Differentially Private Distributed Estimation and Learning

from arxiv, Additional experiments, comparison with related work, and extensions (dynamic networks, directed networks networks, heterogeneous privacy budgets)

We study distributed estimation and learning problems in a networked environment in which agents exchange information to estimate unknown statistical properties of random variables from their privately observed samples. The agents can collectively estimate the unknown quantities by exchanging information about their private observations, but they also face privacy risks. Our novel algorithms extend the existing distributed estimation literature and enable the participating agents to estimate a complete sufficient statistic from private signals acquired offline or online over time and to preserve the privacy of their signals and network neighborhoods. This is achieved through linear aggregation schemes with adjusted randomization schemes that add noise to the exchanged estimates subject to differential privacy (DP) constraints, both in an offline and online manner. We provide convergence rate analysis and tight finite-time convergence bounds. We show that the noise that minimizes the convergence time to the best estimates is the Laplace noise, with parameters corresponding to each agent's sensitivity to their signal and network characteristics. Our algorithms are further amenable to dynamic topologies and balancing privacy and accuracy trade-offs. Finally, to supplement and validate our theoretical results, we run experiments on real-world data from the US Power Grid Network and electric consumption data from German Households to estimate the average power consumption of power stations and households under all privacy regimes and show that our method outperforms existing first-order privacy-aware distributed optimization methods.
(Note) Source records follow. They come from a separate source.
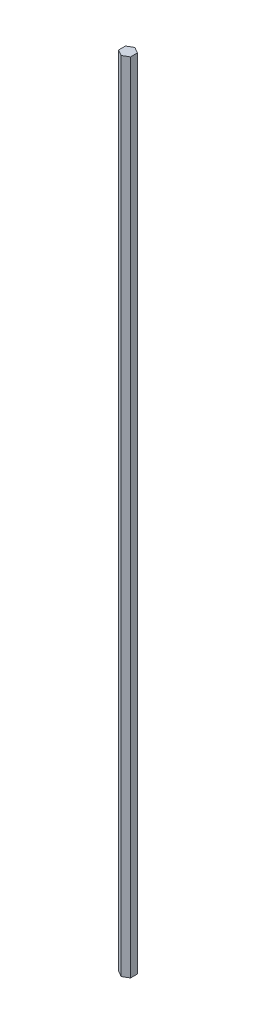
from build123d import *

# Parameters (mm, degrees)
BOSS_EXTRUDE1_DEPTH = 1000


with BuildPart() as part:
    # Sketch1 → Boss-Extrude1 (new body)
    with BuildSketch(Plane(origin=(0, 0, 0), x_dir=(1, 0, 0), z_dir=(0, 1, 0))):
        Polygon((0, 8.660254038), (-7.5, 4.330127019), (-7.5, -4.330127019), (0, -8.660254038), (7.5, -4.330127019), (7.5, 4.330127019), align=None)
    extrude(amount=BOSS_EXTRUDE1_DEPTH)


solid = part.part
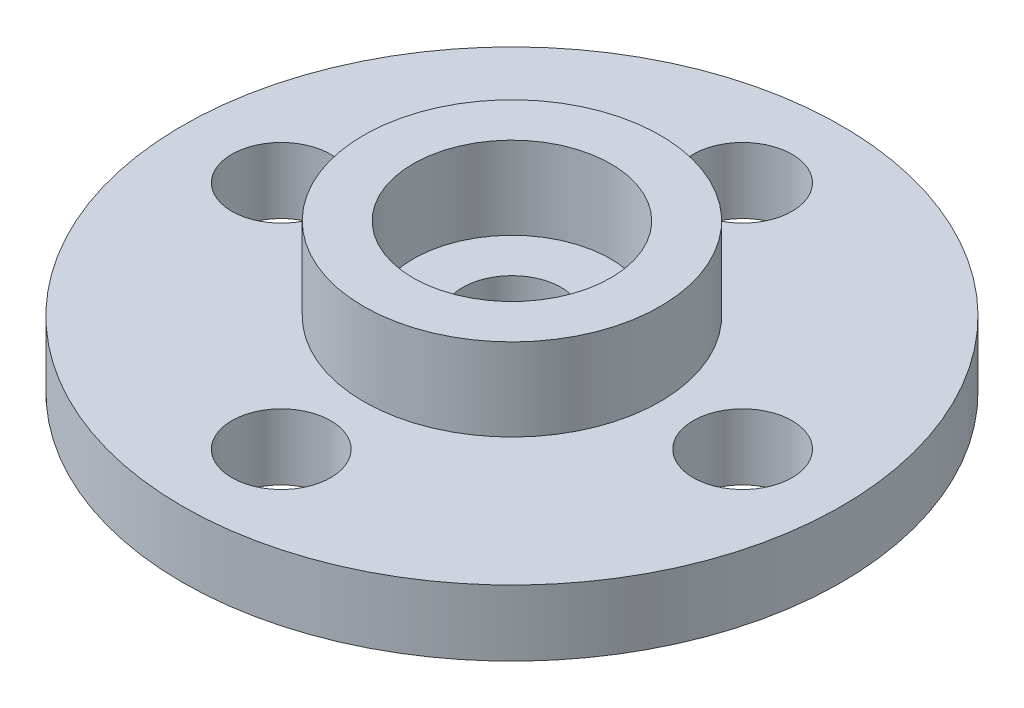
from build123d import *

# Parameters (mm, degrees)
SKETCH1_R           = 10
SKETCH1_R_2         = 1.5
BOSS_EXTRUDE1_DEPTH = 2
SKETCH2_R           = 4.5
SKETCH2_R_2         = 3
BOSS_EXTRUDE2_DEPTH = 2.5


with BuildPart() as part:
    # Sketch1 → Boss-Extrude1 (new body)
    with BuildSketch(Plane(origin=(0, 0, 0), x_dir=(1, 0, 0), z_dir=(0, 1, 0))):
        with Locations(Location((0, 0, 0), (0, 0, 270))):
            Circle(SKETCH1_R)
        with Locations(Location((0, -7, 0), (0, 0, 270))):
            Circle(SKETCH1_R_2, mode=Mode.SUBTRACT)
        with Locations(Location((-7, 0, 0), (0, 0, 270))):
            Circle(SKETCH1_R_2, mode=Mode.SUBTRACT)
        with Locations(Location((0, 7, 0), (0, 0, 270))):
            Circle(SKETCH1_R_2, mode=Mode.SUBTRACT)
        with Locations(Location((7, 0, 0), (0, 0, 270))):
            Circle(SKETCH1_R_2, mode=Mode.SUBTRACT)
        with Locations(Location((0, 0, 0), (0, 0, 270))):
            Circle(SKETCH1_R_2, mode=Mode.SUBTRACT)
    extrude(amount=BOSS_EXTRUDE1_DEPTH)

    # Sketch2 → Boss-Extrude2 (add)
    with BuildSketch(Plane(origin=(0, 2, 0), x_dir=(1, 0, 0), z_dir=(0, 1, 0))):
        with Locations(Location((0, 0, 0), (0, 0, 270))):
            Circle(SKETCH2_R)
        with Locations(Location((0, 0, 0), (0, 0, 270))):
            Circle(SKETCH2_R_2, mode=Mode.SUBTRACT)
    extrude(amount=BOSS_EXTRUDE2_DEPTH)


solid = part.part
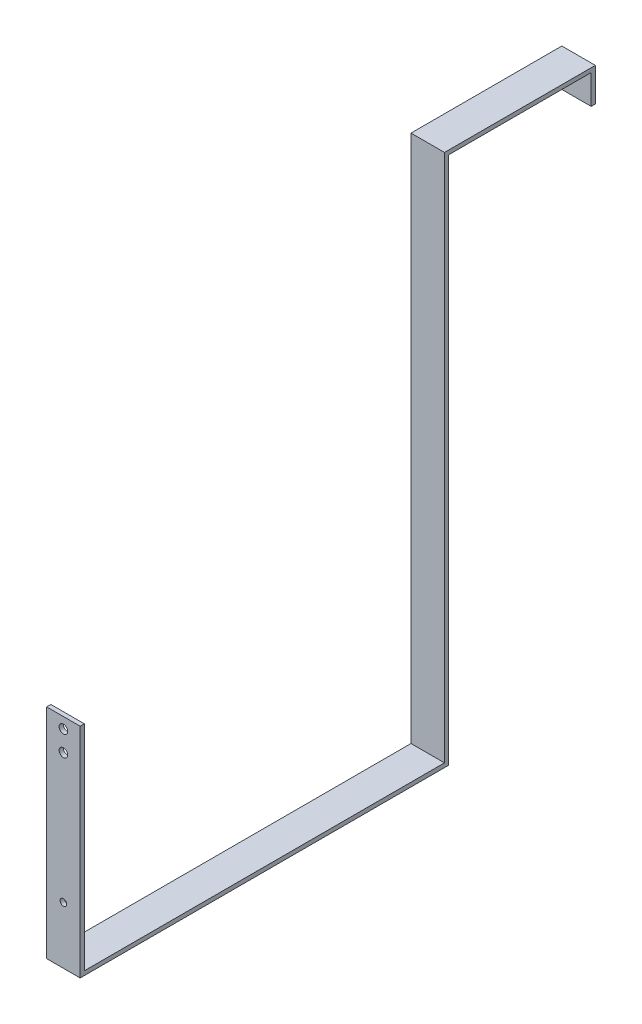
from build123d import *

# Parameters (mm, degrees)
CROQUIS1_W              = 50.8
CROQUIS1_H              = 6.31
SALIENTE_EXTRUIR1_DEPTH = 228.75
CROQUIS2_W              = 50.8
CROQUIS2_H              = 6.31
SALIENTE_EXTRUIR2_DEPTH = 801.67
CROQUIS3_W              = 50.8
CROQUIS3_H              = 6.31
SALIENTE_EXTRUIR3_DEPTH = 552.5
CROQUIS4_W              = 50.8
CROQUIS4_H              = 6.31
SALIENTE_EXTRUIR4_DEPTH = 314.39
CROQUIS6_W              = 50.8
CROQUIS6_H              = 6.31
SALIENTE_EXTRUIR5_DEPTH = 10
CROQUIS7_W              = 50.8
CROQUIS7_H              = 6.31
SALIENTE_EXTRUIR6_DEPTH = 50.8
CROQUIS12_R             = 6.5
CORTAR_EXTRUIR3_DEPTH   = 10
CROQUIS13_R             = 5
CORTAR_EXTRUIR4_DEPTH   = 35


with BuildPart() as part:
    # Croquis1 → Saliente-Extruir1 (new body)
    with BuildSketch(Plane.XY):
        Rectangle(CROQUIS1_W, CROQUIS1_H)
    extrude(amount=SALIENTE_EXTRUIR1_DEPTH)

    # Croquis2 → Saliente-Extruir2 (add)
    with BuildSketch(Plane.XZ.offset(3.155)):
        with Locations((0, 225.595)):
            Rectangle(CROQUIS2_W, CROQUIS2_H)
    extrude(amount=SALIENTE_EXTRUIR2_DEPTH)

    # Croquis3 → Saliente-Extruir3 (add)
    with BuildSketch(Plane.XY.offset(228.75)):
        with Locations((0, -801.67)):
            Rectangle(CROQUIS3_W, CROQUIS3_H)
    extrude(amount=SALIENTE_EXTRUIR3_DEPTH)

    # Croquis4 → Saliente-Extruir4 (add)
    with BuildSketch(Plane(origin=(0, -798.515, 0), x_dir=(1, 0, 0), z_dir=(0, 1, 0))):
        with Locations((0, -778.095)):
            Rectangle(CROQUIS4_W, CROQUIS4_H)
    extrude(amount=SALIENTE_EXTRUIR4_DEPTH)

    # Croquis6 → Saliente-Extruir5 (add)
    with BuildSketch(Plane(origin=(0, -484.125, 0), x_dir=(1, 0, 0), z_dir=(0, 1, 0))):
        with Locations((0, -778.095)):
            Rectangle(CROQUIS6_W, CROQUIS6_H)
    extrude(amount=SALIENTE_EXTRUIR5_DEPTH)

    # Croquis7 → Saliente-Extruir6 (add)
    with BuildSketch(Plane(origin=(0, 3.155, 0), x_dir=(1, 0, 0), z_dir=(0, 1, 0))):
        with Locations((0, -3.155)):
            Rectangle(CROQUIS7_W, CROQUIS7_H)
    extrude(amount=-SALIENTE_EXTRUIR6_DEPTH)

    # Croquis12 → Cortar-Extruir3 (cut)
    with BuildSketch(Plane.XY.offset(781.25)):
        with Locations((0, -521.625)):
            Circle(CROQUIS12_R)
        with Locations((0, -490.625)):
            Circle(CROQUIS12_R)
    extrude(amount=-CORTAR_EXTRUIR3_DEPTH, mode=Mode.SUBTRACT)

    # Croquis13 → Cortar-Extruir4 (cut)
    with BuildSketch(Plane.XY.offset(781.25)):
        with Locations((0, -718.315)):
            Circle(CROQUIS13_R)
    extrude(amount=-CORTAR_EXTRUIR4_DEPTH, mode=Mode.SUBTRACT)


solid = part.part
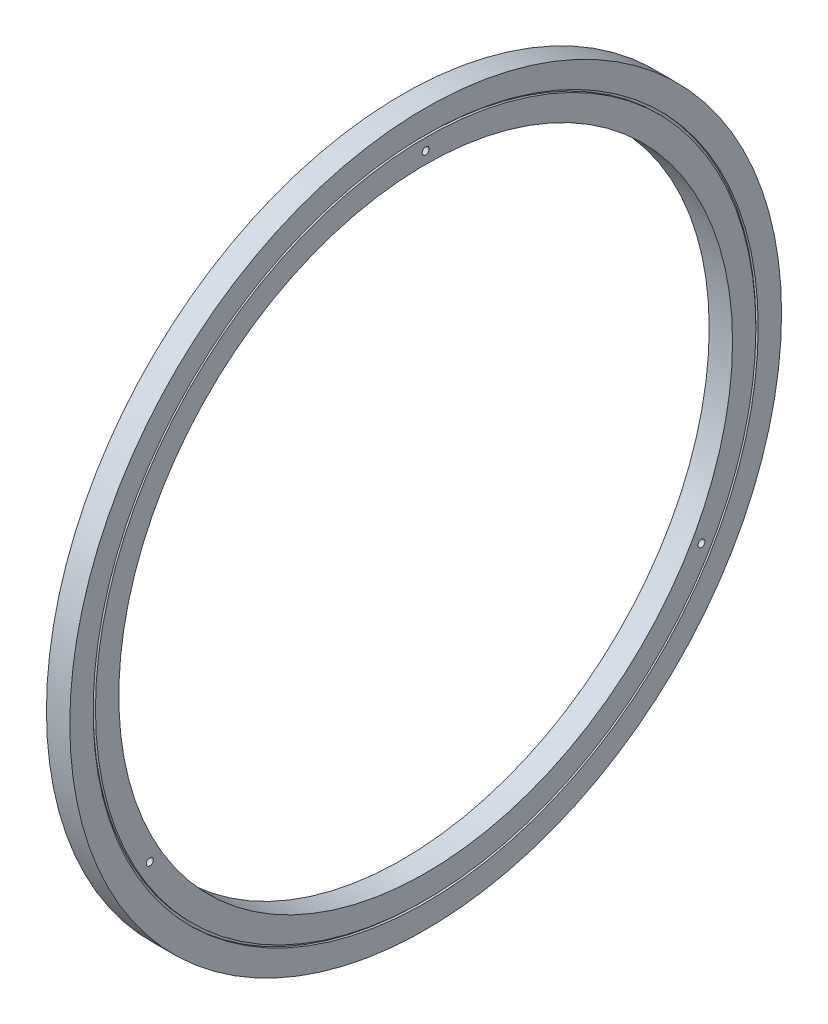
from build123d import *

# Parameters (mm, degrees)
SKETCH1_R             = 152.5
SKETCH1_R_2           = 142.5
BOSS_EXTRUDE2_DEPTH   = 5
SKETCH1_R_3           = 141.5
SKETCH1_R_4           = 131.5
BOSS_EXTRUDE2_2_DEPTH = 5
SKETCH1_4_R           = 142.5
SKETCH1_4_R_2         = 141.5
BOSS_EXTRUDE3_DEPTH   = 4
SKETCH2_R             = 1.5
CUT_EXTRUDE1_DEPTH    = 4


with BuildPart() as part:
    # Sketch1 → Boss-Extrude2 (new, symmetric)
    with BuildSketch(Plane(origin=(0, 0, 0), x_dir=(0, 0, -1), z_dir=(1, 0, 0))):
        Circle(SKETCH1_R)
        Circle(SKETCH1_R_2, mode=Mode.SUBTRACT)
    extrude(amount=BOSS_EXTRUDE2_DEPTH, both=True)



with BuildPart() as body_2:
    # Sketch1 → Boss-Extrude2 2 (new, symmetric)
    with BuildSketch(Plane(origin=(0, 0, 0), x_dir=(0, 0, -1), z_dir=(1, 0, 0))):
        Circle(SKETCH1_R_3)
        Circle(SKETCH1_R_4, mode=Mode.SUBTRACT)
    extrude(amount=BOSS_EXTRUDE2_2_DEPTH, both=True)


with BuildPart() as part_1:
    add(part.part)

    add(body_2.part)  # Boss-Extrude3 merges body 2
    # Sketch1<4> → Boss-Extrude3 (add, symmetric)
    with BuildSketch(Plane(origin=(0, 0, 0), x_dir=(0, 0, -1), z_dir=(1, 0, 0))):
        Circle(SKETCH1_4_R)
        Circle(SKETCH1_4_R_2, mode=Mode.SUBTRACT)
    extrude(amount=BOSS_EXTRUDE3_DEPTH, both=True)

    # Sketch2 → Cut-Extrude1 (cut)
    with BuildSketch(Plane(origin=(5, 0, 0), x_dir=(0, 0, -1), z_dir=(1, 0, 0))):
        with Locations((0, 136.5)):
            Circle(SKETCH2_R)
        with Locations((118.212467617, -68.25)):
            Circle(SKETCH2_R)
        with Locations((-118.212467617, -68.25)):
            Circle(SKETCH2_R)
    extrude(amount=-CUT_EXTRUDE1_DEPTH, mode=Mode.SUBTRACT)


solid = part_1.part
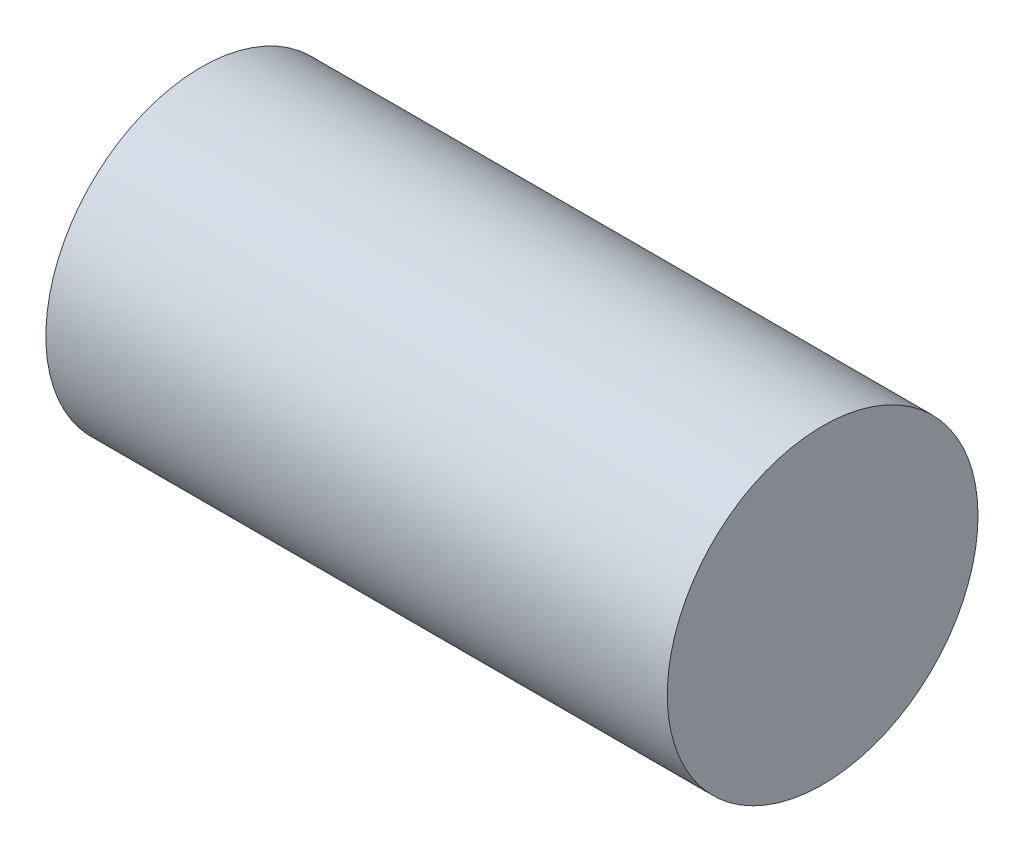
from build123d import *

# Parameters (mm, degrees)
SKETCH1_R           = 20
BOSS_EXTRUDE1_DEPTH = 80


with BuildPart() as part:
    # Sketch1 → Boss-Extrude1 (new body)
    with BuildSketch(Plane(origin=(0, 0, 0), x_dir=(0, 0, -1), z_dir=(1, 0, 0))):
        Circle(SKETCH1_R)
    extrude(amount=BOSS_EXTRUDE1_DEPTH)


solid = part.part

翻译：我们研究网络化环境中的分布式估计与学习问题，其中智能体通过信息交换来根据私有观测样本估计随机变量的未知统计特性。智能体可通过交换关于其私有观测的信息来共同估计未知量，但同时也面临隐私风险。我们提出的新算法扩展了现有分布式估计文献，使参与智能体能够从离线或在线获取的私有信号中估计完备充分统计量，并保护其信号及网络邻域隐私。这通过线性聚合方案与调整后的随机化方案实现，该方案在离线与在线两种方式下，向交换估计值添加服从差分隐私约束的噪声。我们提供了收敛速率分析与紧致的有限时间收敛界。研究表明，使估计值达到最优估计收敛时间最小的噪声为拉普拉斯噪声，其参数对应各智能体对信号及网络特征的敏感度。我们的算法进一步支持动态拓扑结构，并实现隐私与准确度的平衡。最后，为补充和验证理论结果，我们在美国电网网络的真实数据与德国家庭用电数据上开展实验，评估了所有隐私保护机制下电站与家庭平均功耗的估计效果，结果显示我们的方法优于现有的一阶隐私感知分布式优化方法。